Which means I get to sit here and stew in my own misery, doomed to relive every second of the last hour on infinite loop, until either the storm passes or I finally lose my goddamn mind.
Fuck.
I grip the steering wheel harder, knuckles white, and force myself to focus on the road.
But focusing is a joke when her scent is still clinging to the cab—that intoxicating blend of honeysuckle and frustration, undercut with something darker, something that screams need even as she fights tooth and nail against it.
Ten years.
It's been ten fucking years since we pushed her out of this town, and the whispers still haven't died.
That's Saddlebrush for you—memories longer than the winter, grudges nursed like newborns.
When you leave, you're marked. Branded a traitor, an outsider, someone who thought they were too good for the roots that made them.
But Juniper?
She was never just another townie with wanderlust. She was the only Omega in a town full of Alphas who didn't know how to keep their hands to themselves.

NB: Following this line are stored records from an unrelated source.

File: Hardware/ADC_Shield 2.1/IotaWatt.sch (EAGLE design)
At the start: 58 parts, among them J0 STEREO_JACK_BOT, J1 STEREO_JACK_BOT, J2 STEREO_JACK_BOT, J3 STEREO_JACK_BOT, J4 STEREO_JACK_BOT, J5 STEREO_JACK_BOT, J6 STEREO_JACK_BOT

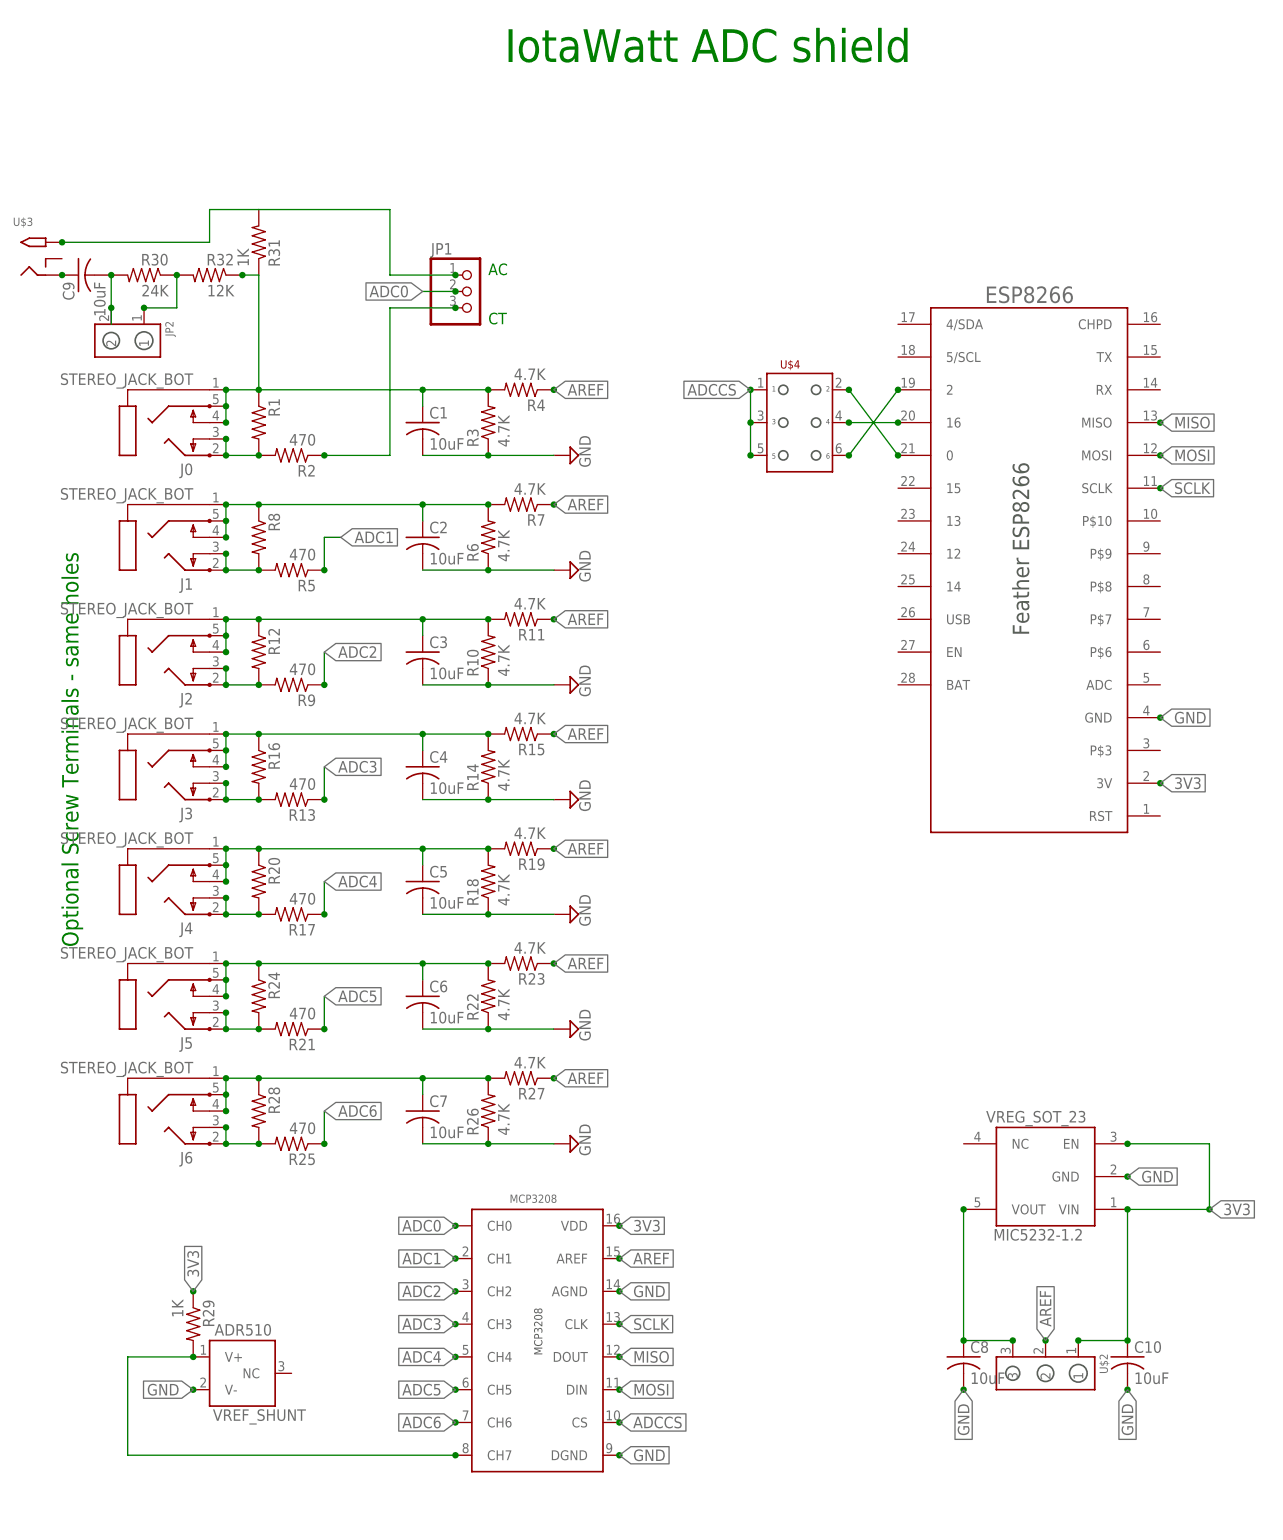
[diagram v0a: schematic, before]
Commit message: Add index to logfile and other significant changes.
Adds an index file to the SD that identifies gaps in the regular
intervals of entries.  A second level index is created in memory to
further increase API performance.  Added VT phase calibration aids.
Other improvements to config/status app.
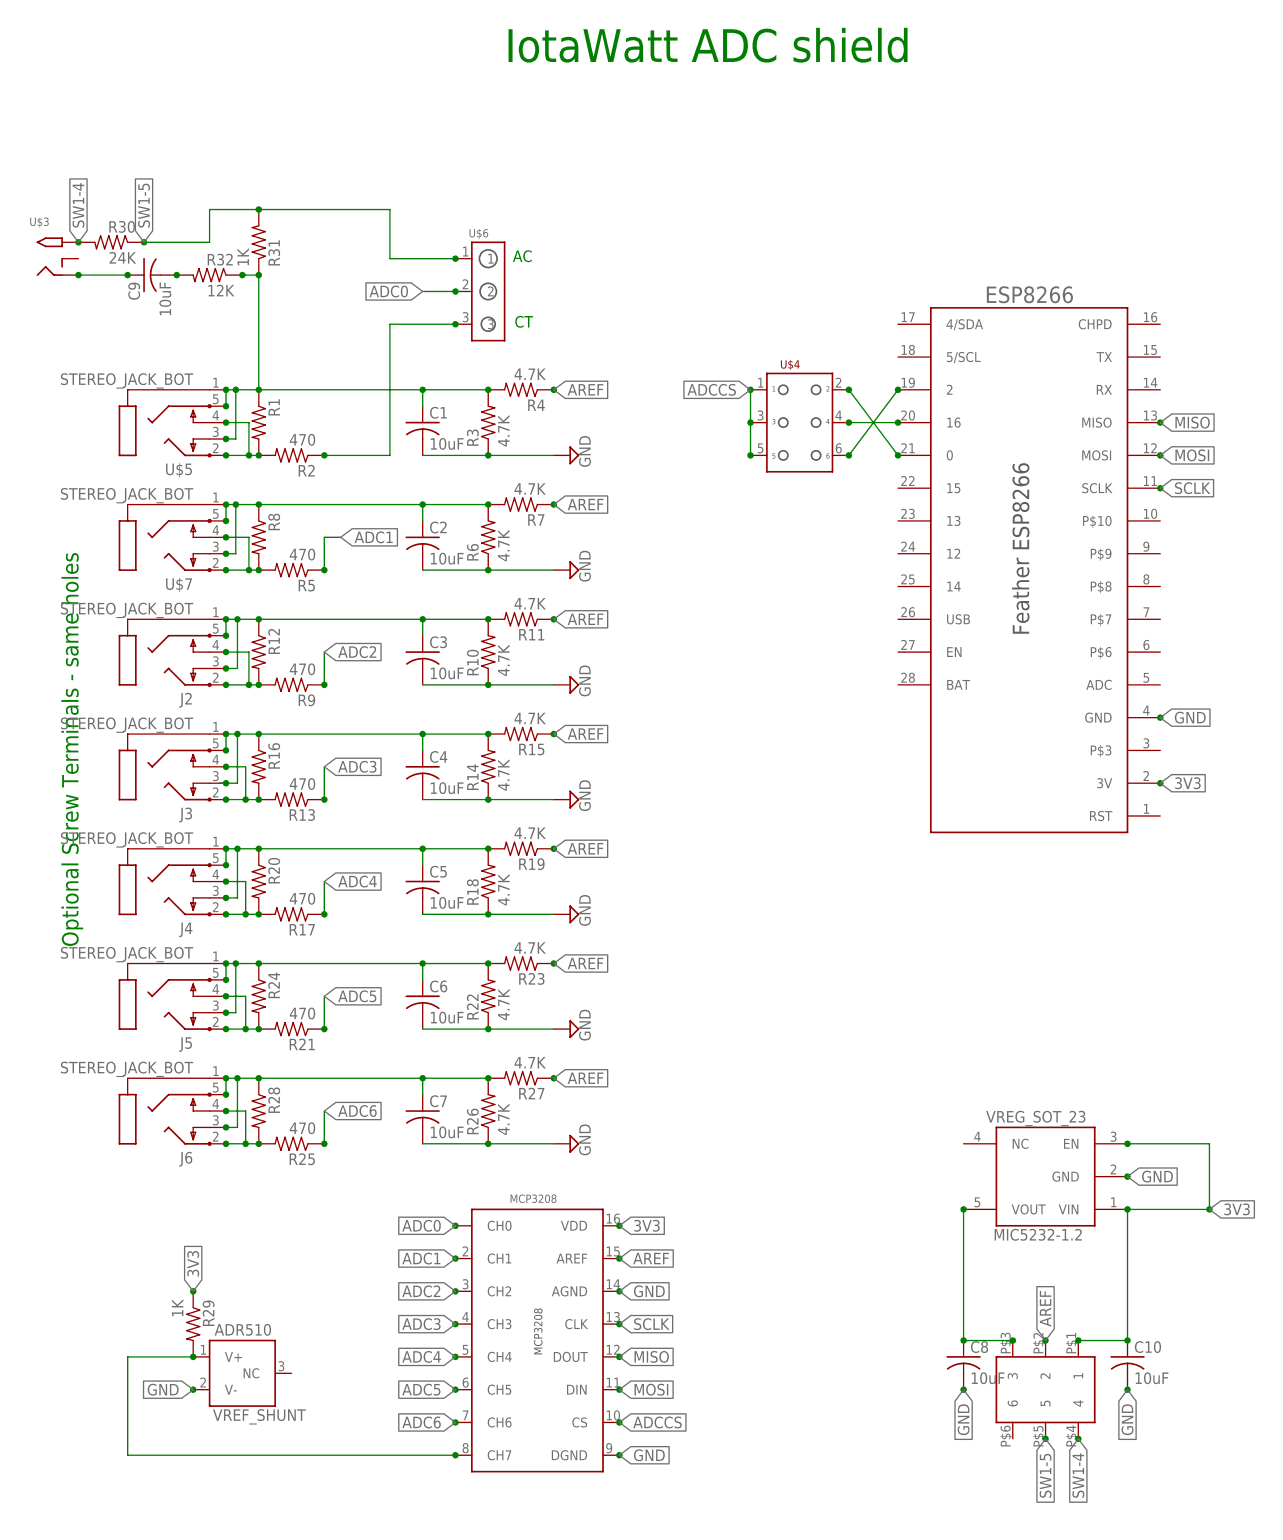
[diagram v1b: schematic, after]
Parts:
- removed JP1: (no value), adafruit:PINHD-1X3
- removed JP2: HEADER_1X2, IotaWatt_parts:HEADER_1X2
- removed U$2: HEADER_1X3, IotaWatt_parts:HEADER_1X3
- added U$6: HEADER_1X3, IotaWatt_parts:HEADER_1X3
- added U$8: DPDT_SMT_SW, IotaWatt_parts:DPDT_SMT_SW
- renumbered J0 to U$5, J1 to U$7
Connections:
- removed net ACV1: C9.2, JP2.2, R30.2
- removed net ACV2: JP2.1, R30.1, R32.2
- removed net N$8: JP1.1, R31.2, U$3.TIP
- new net N$11: R1.2, R2.2, U$5.3, U$5.5
- new net SW1-4: R30.2, U$3.TIP, U$8.4
- new net SW1-5: R30.1, R31.2, U$6.1, U$8.5
- net 3V3: now also U$8.1; no longer U$2.1
- net ADC0: now also U$6.2; no longer JP1.2
- net AREF: now also U$8.2; no longer U$2.2
- net N$1: now also U$6.3; no longer JP1.3
- net N$12: now also J2.4; no longer J2.3
- net N$13: now also J4.4; no longer J4.3
- net N$14: now also J5.3; no longer J5.4
- net N$16: now also J5.4; no longer J5.3
- net N$17: now also C9.2, R32.2; no longer R1.2, R2.2, U$5.4, U$5.5
- net N$18: now also J6.3; no longer J6.4
- net N$19: now also J6.4; no longer J6.3
- net N$2: now also U$5.4; no longer U$5.3
- net N$20: now also U$7.3; no longer U$7.4
- net N$21: now also J3.3; no longer J3.4
- net N$22: now also J3.4; no longer J3.3
- net N$24: now also U$8.3; no longer U$2.3
- net N$26: now also J4.3; no longer J4.4
- net N$4: now also U$7.4; no longer U$7.3
- net N$5: now also J2.3; no longer J2.4
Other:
- moved on the sheet: C9, R30, U$3

Keeping her here would've been like leaving a lamb in a wolf den and expecting it to end well.
We knew what would happen—hell, we were already living it, the three of us circling her like satellites, unable to stay away but knowing that claiming her would destroy everything.
So we did what we thought was right. We pushed. Hard.
And she ran.
The truck lurches over a pothole, jarring me back to the present.
Rain hammers the roof, a steady percussion that matches the throbbing in my temples. I navigate the familiar roads by muscle memory alone, every turn etched into my bones from years of late-night drives trying to outrun the ghost of her.
The thing is, I'd imagined her return a thousand different ways.
Sometimes she came back with a pack of city Alphas, all pressed suits and soft hands, the kind who'd worship the ground she walked on without understanding the first thing about what made her wild.
Other times, she'd have kids clinging to her legs, proof positive that we'd fucked up our chance at something real.
Each scenario was its own special brand of torture, but at least in those fantasies, she was happy.
Whole. Complete without us.
Instead, she came back alone, walls so high you'd need a fucking ladder just to see over them. And the worst part? She's dimmed somehow.
That fire that used to burn so bright it could light up the whole valley—it's still there, but banked, controlled, like she's afraid of what happens if she lets it rage.
I hate it.
Hate the careful way she measures her words now, the way she bites back responses that would've flown free before.
My Rebel Bell used to be loud, opinionated, ready to fight the whole world if it meant standing up for what she believed in.
She'd argue with me about everything from the proper way to shoe a horse to whether the town council was full of corruption — it was, still is.
Those arguments usually ended with us pressed against the barn wall, her hands fisted in my shirt, both of us breathing hard for reasons that had nothing to do with anger.
But that was before…
Before we realized what we were doing to her.
Until that last night when everything went to hell.
The memory hits like a sucker punch, vivid and merciless.
Her face in the moonlight, tears cutting tracks through the dirt on her cheeks.
The way her voice cracked when she asked why we kept pushing her away, pulling her close only to shove her back again.
And me, standing there like a goddamn coward, telling her it was for her own good.
That she needed to leave, find a life somewhere that wasn't poisoned by small-town politics and Alpha posturing.
I'd watched her chin come up, that stubborn tilt that meant she was about to tell me exactly where I could shove my opinions.
But instead, she'd just nodded.
Turned around and walked away without another word.